# WHAT THE TASK ASKS
Only the lines from the opening of the material through the line bearing "extrude(amount=F1_DEPTH, both=True)" should be reproduced, exactly and without pictures.

[Start of Attachment]

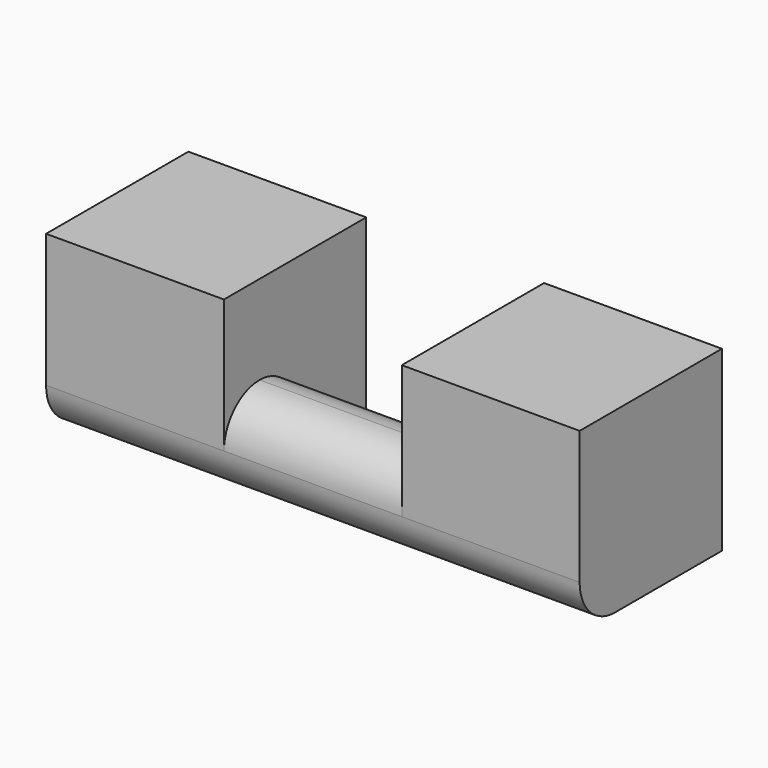
from build123d import *

# Parameters (mm, degrees)
F0_W     = 20
F0_H     = 20
F1_DEPTH = 30
F2_W     = 20
F2_H     = 10
F3_DEPTH = 20
F4_W     = 20
F4_H     = 10
F5_DEPTH = 25
F6_R     = 4.99999


# Not quite as in the source:
# - a fillet or chamfer is up to 0.001 mm smaller than in the source, because OpenCascade refuses the exact size


with BuildPart() as f1:
    # F0 (on Right) → F1 (new body, symmetric)
    with BuildSketch(Plane.YZ):
        Rectangle(F0_W, F0_H)
    extrude(amount=F1_DEPTH, both=True)

    # F2 (on face) → F3 (cut)
    with BuildSketch(Plane.XZ.offset(10)):
        with Locations((0, 5)):
            Rectangle(F2_W, F2_H)
    extrude(amount=-F3_DEPTH, mode=Mode.SUBTRACT)

    # F4 (on face) → F5 (cut)
    with BuildSketch(Plane.XY):
        with Locations((0, 5)):
            Rectangle(F4_W, F4_H)
    extrude(amount=-F5_DEPTH, mode=Mode.SUBTRACT)

    # F6 (radius 5 in the source; OpenCascade refuses exactly that, so slightly less here)
    f6_edges = [f1.edges().sort_by_distance(p)[0] for p in [
        (0, 0, 0),
        (0, 0, -10),
        (0, -10, 0),
        (0, -10, -10),
    ]]
    fillet(f6_edges, radius=F6_R)


solid = f1.part
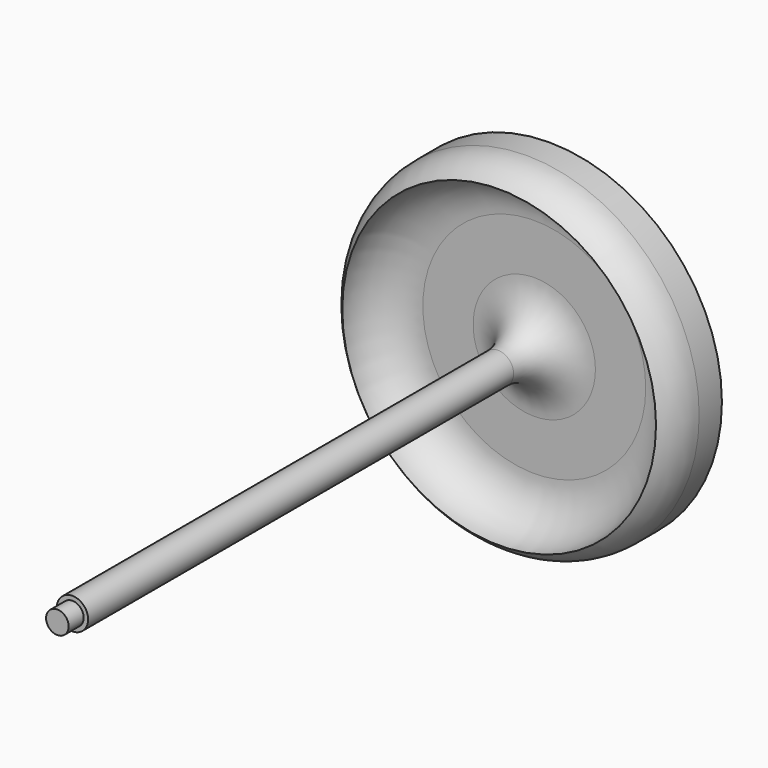
from build123d import *

# Parameters (mm, degrees)
F0_R     = 31.75
F0_R_2   = 3.175
F1_DEPTH = 3.81
F2_DEPTH = 124.46
F0_R_3   = 34.925
F3_DEPTH = 12.7
F5_R     = 3.175
F5_R_2   = 2.286
F6_DEPTH = 3.81


# Not quite as in the source:
# - a fillet or chamfer that OpenCascade refuses, or shapes differently, is made with other operations: its cross-section is extruded or revolved along the edge and cut away or added


with BuildPart() as f1:
    # F0 (on Front) → F1 (new body)
    with BuildSketch(Plane.XZ):
        Circle(F0_R)
        Circle(F0_R_2, mode=Mode.SUBTRACT)
        Circle(F0_R_2)
    extrude(amount=F1_DEPTH)

    # F0 (on Front) → F2 (join)
    with BuildSketch(Plane.XZ):
        Circle(F0_R_2)
    extrude(amount=F2_DEPTH)

    # F0 (on Front) → F3 (join)
    with BuildSketch(Plane.XZ):
        Circle(F0_R_3)
        Circle(F0_R, mode=Mode.SUBTRACT)
    extrude(amount=F3_DEPTH)

    # F4: fillet of radius 9.1981536726 on 3 edges, made by hand

    # F4_s1 → F4_t2 (revolve)
    with BuildSketch(Plane.XY):
        with BuildLine():
            ThreePointArc((31.75, -12.7), (28.9512095664, -6.3960255802), (22.5570096106, -3.81))
            Line((22.5570096106, -3.81), (31.75, -3.81))
            Line((31.75, -3.81), (31.75, -12.7))
        make_face()
    revolve(axis=Axis((0, -3.81, 0), (0, -1, 0)))

    # F4_s3 → F4_t4 (revolve)
    with BuildSketch(Plane.XY):
        with BuildLine():
            ThreePointArc((12.3731536726, -3.81), (5.8690768363, -6.5040768363), (3.175, -13.0081536726))
            Line((3.175, -13.0081536726), (3.175, -3.81))
            Line((3.175, -3.81), (12.3731536726, -3.81))
        make_face()
    revolve(axis=Axis((0, -3.81, 0), (0, 1, 0)))

    # F4_s5 → F4_t6 (revolve, cut)
    with BuildSketch(Plane.XY):
        with BuildLine():
            ThreePointArc((34.925, -5.7481908239), (34.0936833659, -9.5694561844), (31.75, -12.7))
            Line((31.75, -12.7), (34.925, -12.7))
            Line((34.925, -12.7), (34.925, -5.7481908239))
        make_face()
    revolve(axis=Axis((0, -12.7, 0), (0, -1, 0)), mode=Mode.SUBTRACT)

    # F5 (on face) → F6 (cut)
    with BuildSketch(Plane.XZ.offset(124.46)):
        Circle(F5_R)
        Circle(F5_R_2, mode=Mode.SUBTRACT)
    extrude(amount=-F6_DEPTH, mode=Mode.SUBTRACT)


solid = f1.part
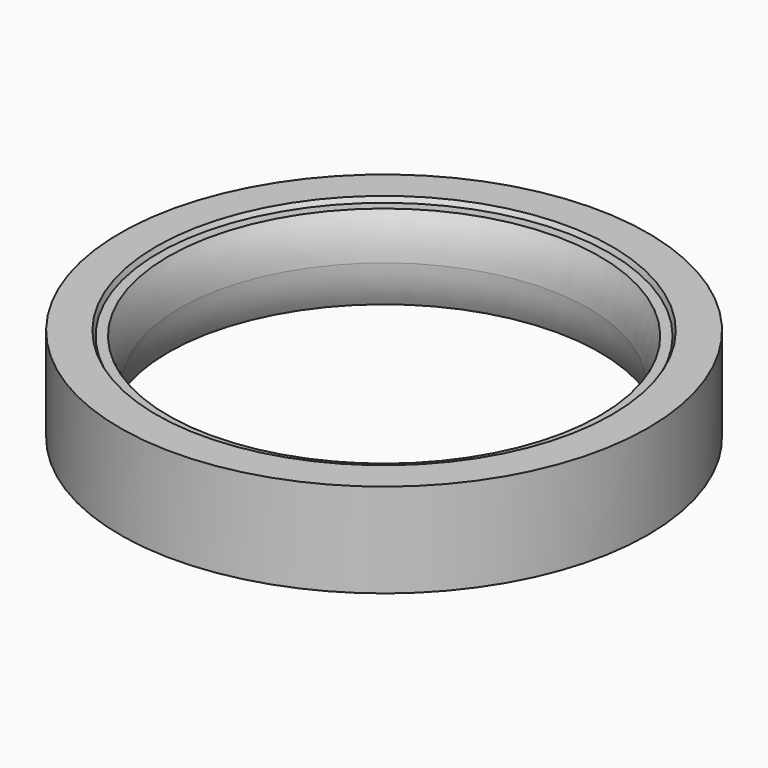
from build123d import *


# Not quite as in the source:
# - a feature of the source that left no trace in its solid (it failed there, or was rolled back) is left out


with BuildPart() as f1:
    # F0 (on Front) → F1 (revolve)
    with BuildSketch(Plane.XZ):
        with BuildLine():
            Line((10.95, 1.95), (9.45, 1.95))
            ThreePointArc((9.45, 1.95), (8.95, 0), (9.45, -1.95))
            Line((9.45, -1.95), (10.95, -1.95))
            Line((10.95, -1.95), (10.95, 1.95))
        make_face()
    revolve(axis=Axis((0, 0, 0.975), (0, 0, 1)))


with BuildPart() as f4:
    # F3 (on face) → F4 (revolve)
    with BuildSketch(Plane.XZ):
        with BuildLine():
            Line((8.9473315702, -1.75), (9.3473315702, -1.75))
            ThreePointArc((9.3473315702, -1.75), (8.95, 0), (9.3473315702, 1.75))
            Line((9.3473315702, 1.75), (8.9473315702, 1.75))
            ThreePointArc((8.9473315702, 1.75), (8.6136023479, 0.9031342001), (8.5, 0))
            ThreePointArc((8.5, 0), (8.6136023479, -0.9031342001), (8.9473315702, -1.75))
        make_face()
    revolve(axis=Axis((0, 0, 0.975), (0, 0, 1)))


solid = Compound([f1.part, f4.part])
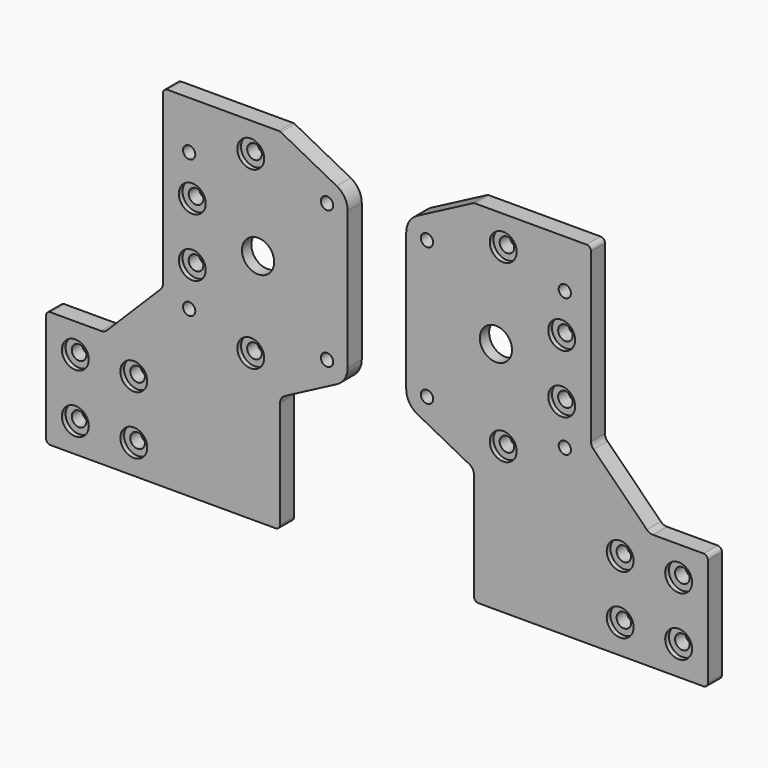
from build123d import *

# Parameters (mm, degrees)
F0_R     = 4.6
F0_R_2   = 2.1
F0_R_3   = 8.05
F0_R_4   = 2.5
F0_R_5   = 5.5
F1_DEPTH = 6
F2_DEPTH = 1.6
F3_START = -4
F3_DEPTH = 2
F4_R     = 1.5
F5_R     = 3


# Not quite as in the source:
# - a feature names something its author has since deleted; it is built from what else it names


with BuildPart() as f1:
    # F0 (on Front) → F1 (new body)
    with BuildSketch(Plane.XZ):
        with BuildLine():
            Line((13.17, -23.57), (13.17, 23.57))
            ThreePointArc((13.17, 23.57), (12.144361275, 27.2458856213), (9.3637647604, 29.859762611))
            Line((9.3637647604, 29.859762611), (-10, 40))
            Line((-10, 40), (-50, 40))
            Line((-50, 40), (-50, -20))
            Line((-50, -20), (-70, -40))
            Line((-70, -40), (-90, -40))
            Line((-90, -40), (-90, -80))
            Line((-90, -80), (-10, -80))
            Line((-10, -80), (-10, -40))
            Line((-10, -40), (9.3637647604, -29.859762611))
            ThreePointArc((9.3637647604, -29.859762611), (12.144361275, -27.2458856213), (13.17, -23.57))
        make_face()
        with Locations((-80, -70)):
            Circle(F0_R, mode=Mode.SUBTRACT)
        with Locations((-60, -70)):
            Circle(F0_R, mode=Mode.SUBTRACT)
        with Locations((-80, -50)):
            Circle(F0_R, mode=Mode.SUBTRACT)
        with Locations((-60, -50)):
            Circle(F0_R, mode=Mode.SUBTRACT)
        with Locations((-41.07, -23.57)):
            Circle(F0_R_2, mode=Mode.SUBTRACT)
        with Locations((-20, -30)):
            Circle(F0_R, mode=Mode.SUBTRACT)
        with Locations((6.07, -23.57)):
            Circle(F0_R_2, mode=Mode.SUBTRACT)
        with Locations((-40, -10)):
            Circle(F0_R, mode=Mode.SUBTRACT)
        with Locations((-40, 10)):
            Circle(F0_R, mode=Mode.SUBTRACT)
        with Locations((-41.07, 23.57)):
            Circle(F0_R_2, mode=Mode.SUBTRACT)
        with Locations((-17.5, 0)):
            Circle(F0_R_3, mode=Mode.SUBTRACT)
        with Locations((-20, 30)):
            Circle(F0_R, mode=Mode.SUBTRACT)
        with Locations((6.07, 23.57)):
            Circle(F0_R_2, mode=Mode.SUBTRACT)
        with Locations((-80, -50)):
            Circle(F0_R)
        with Locations((-80, -50)):
            Circle(F0_R_4, mode=Mode.SUBTRACT)
        with Locations((-80, -70)):
            Circle(F0_R)
        with Locations((-80, -70)):
            Circle(F0_R_4, mode=Mode.SUBTRACT)
        with Locations((-60, -50)):
            Circle(F0_R)
        with Locations((-60, -50)):
            Circle(F0_R_4, mode=Mode.SUBTRACT)
        with Locations((-60, -70)):
            Circle(F0_R)
        with Locations((-60, -70)):
            Circle(F0_R_4, mode=Mode.SUBTRACT)
        with Locations((-20, -30)):
            Circle(F0_R)
        with Locations((-20, -30)):
            Circle(F0_R_4, mode=Mode.SUBTRACT)
        with Locations((-40, -10)):
            Circle(F0_R)
        with Locations((-40, -10)):
            Circle(F0_R_4, mode=Mode.SUBTRACT)
        with Locations((-17.5, 0)):
            Circle(F0_R_3)
        with Locations((-17.5, 0)):
            Circle(F0_R_5, mode=Mode.SUBTRACT)
        with Locations((-40, 10)):
            Circle(F0_R)
        with Locations((-40, 10)):
            Circle(F0_R_4, mode=Mode.SUBTRACT)
        with Locations((-20, 30)):
            Circle(F0_R)
        with Locations((-20, 30)):
            Circle(F0_R_4, mode=Mode.SUBTRACT)
    extrude(amount=-F1_DEPTH)

    # F0 (on Front) → F2 (cut)
    with BuildSketch(Plane.XZ):
        with Locations((-80, -70)):
            Circle(F0_R)
        with Locations((-80, -70)):
            Circle(F0_R_4, mode=Mode.SUBTRACT)
        with Locations((-80, -50)):
            Circle(F0_R)
        with Locations((-80, -50)):
            Circle(F0_R_4, mode=Mode.SUBTRACT)
        with Locations((-60, -50)):
            Circle(F0_R)
        with Locations((-60, -50)):
            Circle(F0_R_4, mode=Mode.SUBTRACT)
        with Locations((-60, -70)):
            Circle(F0_R)
        with Locations((-60, -70)):
            Circle(F0_R_4, mode=Mode.SUBTRACT)
        with Locations((-20, -30)):
            Circle(F0_R)
        with Locations((-20, -30)):
            Circle(F0_R_4, mode=Mode.SUBTRACT)
        with Locations((-40, -10)):
            Circle(F0_R)
        with Locations((-40, -10)):
            Circle(F0_R_4, mode=Mode.SUBTRACT)
        with Locations((-40, 10)):
            Circle(F0_R)
        with Locations((-40, 10)):
            Circle(F0_R_4, mode=Mode.SUBTRACT)
        with Locations((-20, 30)):
            Circle(F0_R)
        with Locations((-20, 30)):
            Circle(F0_R_4, mode=Mode.SUBTRACT)
    extrude(amount=-F2_DEPTH, mode=Mode.SUBTRACT)

    # F0 (on Front) → F3 (cut)
    with BuildSketch(Plane.XZ.offset(F3_START)):
        with Locations((-17.5, 0)):
            Circle(F0_R_3)
        with Locations((-17.5, 0)):
            Circle(F0_R_5, mode=Mode.SUBTRACT)
    extrude(amount=-F3_DEPTH, mode=Mode.SUBTRACT)

    # F4
    f4_edges = [f1.edges().sort_by_distance(p)[0] for p in [
        (-50, 3, 40),
        (-10, 3, 40),
        (-90, 3, -40),
        (-10, 3, -80),
        (-90, 3, -80),
    ]]
    fillet(f4_edges, radius=F4_R)

    # F5
    f5_edges = [f1.edges().sort_by_distance(p)[0] for p in [
        (-50, 3, -20),
        (-70, 3, -40),
        (-10, 3, -40),
    ]]
    fillet(f5_edges, radius=F5_R)


with BuildPart() as f6_1:
    # F6: instance of F1
    add(f1.part.mirror(Plane(origin=(13.17, 3, 0), x_dir=(0, 1, 0), z_dir=(1, 0, 0))))


with BuildPart() as f6_1_1:
    # F7: moved
    add(f6_1.part.moved(Location((20, 0, 0))))


solid = Compound([f1.part, f6_1_1.part])

[End of Attachment]

# SOLUTION TO THE PROBLEM
from build123d import *

# Parameters (mm, degrees)
F0_W     = 20
F0_H     = 20
F1_DEPTH = 30
F2_W     = 20
F2_H     = 10
F3_DEPTH = 20
F4_W     = 20
F4_H     = 10
F5_DEPTH = 25
F6_R     = 4.99999


# Not quite as in the source:
# - a fillet or chamfer is up to 0.001 mm smaller than in the source, because OpenCascade refuses the exact size


with BuildPart() as f1:
    # F0 (on Right) → F1 (new body, symmetric)
    with BuildSketch(Plane.YZ):
        Rectangle(F0_W, F0_H)
    extrude(amount=F1_DEPTH, both=True)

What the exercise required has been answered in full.